Where is your favourite dive destination?
Of all the places I’ve travelled to in the world, there is nothing like diving the kelp forests in California. It’s where I was certified, where I live, and where I’ve hung my hat most of my life. Admittedly, there are better places in the world for animal encounters, but there’s nothing like diving through an underwater forest of giant bladder kelp. It’s a magical thing.
 
The site you’d most like to dive, but never have?
Most definitely with walrus in the Arctic. There are a couple places I’d like to go, but I think Svalbard is the top of my list. Svalbard is a Norwegian archipelago that sits between Norway and the North Pole.  
 
The weirdest thing you’ve seen underwater?
Ummm… everything at Lembeh.
 
What camera equipment are you currently using?

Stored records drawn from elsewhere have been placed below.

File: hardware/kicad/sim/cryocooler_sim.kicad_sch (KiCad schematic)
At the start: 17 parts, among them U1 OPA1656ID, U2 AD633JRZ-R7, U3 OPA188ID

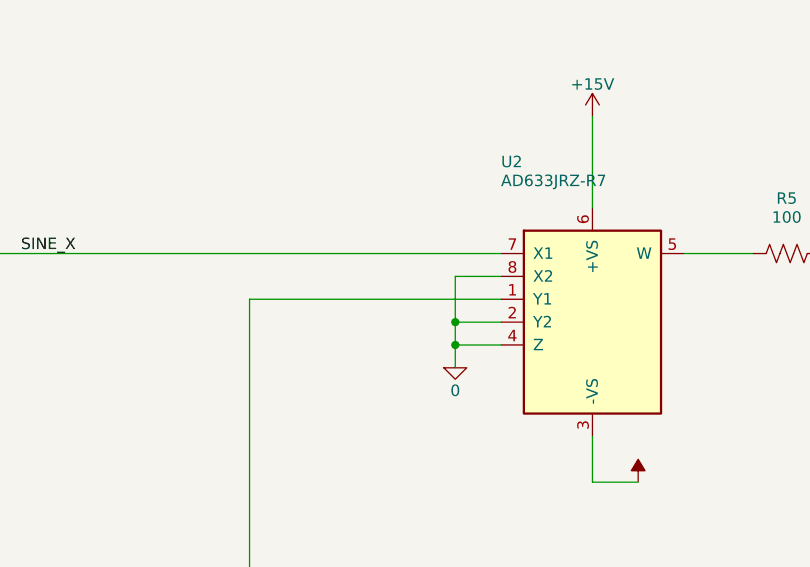
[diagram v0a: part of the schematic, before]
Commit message: Put supply pins on top and grounds on the bottom of IC symbols; flake8-clean Python
Schematic: re-laid out pins on U2, U3, U6, U7, U11, U14, U17-U20, U22-U24
and PS1 (supply on top, ground/strap pins on the bottom edge) via custom
`cryocooler:` symbols (make_lib.from_stock) and a gnd_bus helper; U18/U2
use mirroring instead of a 180 degree rotation. Nets are unchanged (ERC 0,
117/117 datasheet rules, PCB nets still match). Text placement now shows
every power-symbol name, avoids wires, and uses a realistic character width.

Python: black -l 79 -S plus manual wrapping so hardware/kicad and scripts/
pass flake8; add .flake8.

Co-Authored-By: Claude Sonnet 5.5 <noreply@anthropic.com>
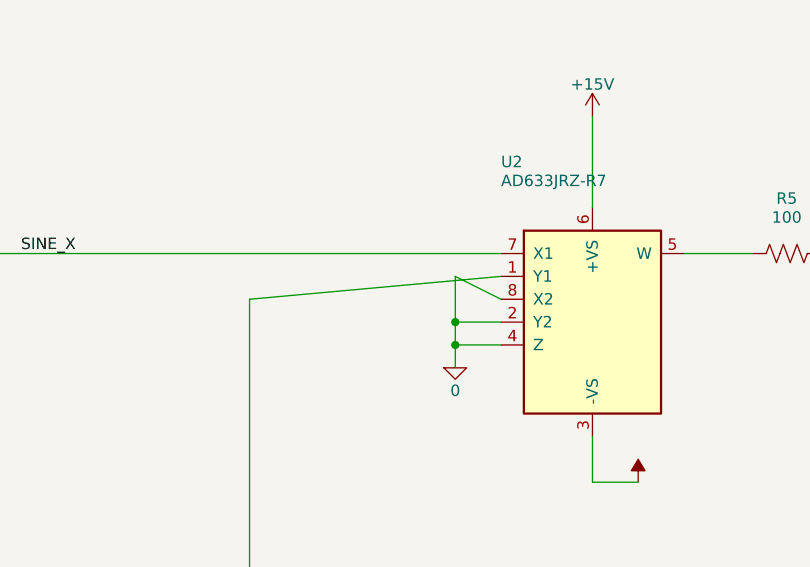
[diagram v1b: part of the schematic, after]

A Nikon D810 in Nauticam housing. For wide angle I use the 15mm fisheye Sigma, and the 105mm Nikon for macro. But I don’t shoot a lot of macro. And I love my old-school Sea & Sea YS-300 strobes. They’re big and yellow, and I love them!
 
What is the highlight of your career?
I’m happy to say right now, as I’m doing some exciting things. As previously said, I’m very excited about my black-and-white work, but I have a new book that just came out called Creative Workflow in Lightroom published through Focal Press, I run a fine art print lab in Monterey, California that’s doing well, and I have some great workshops and underwater photo expeditions lined up for the next couple of years. Things are good!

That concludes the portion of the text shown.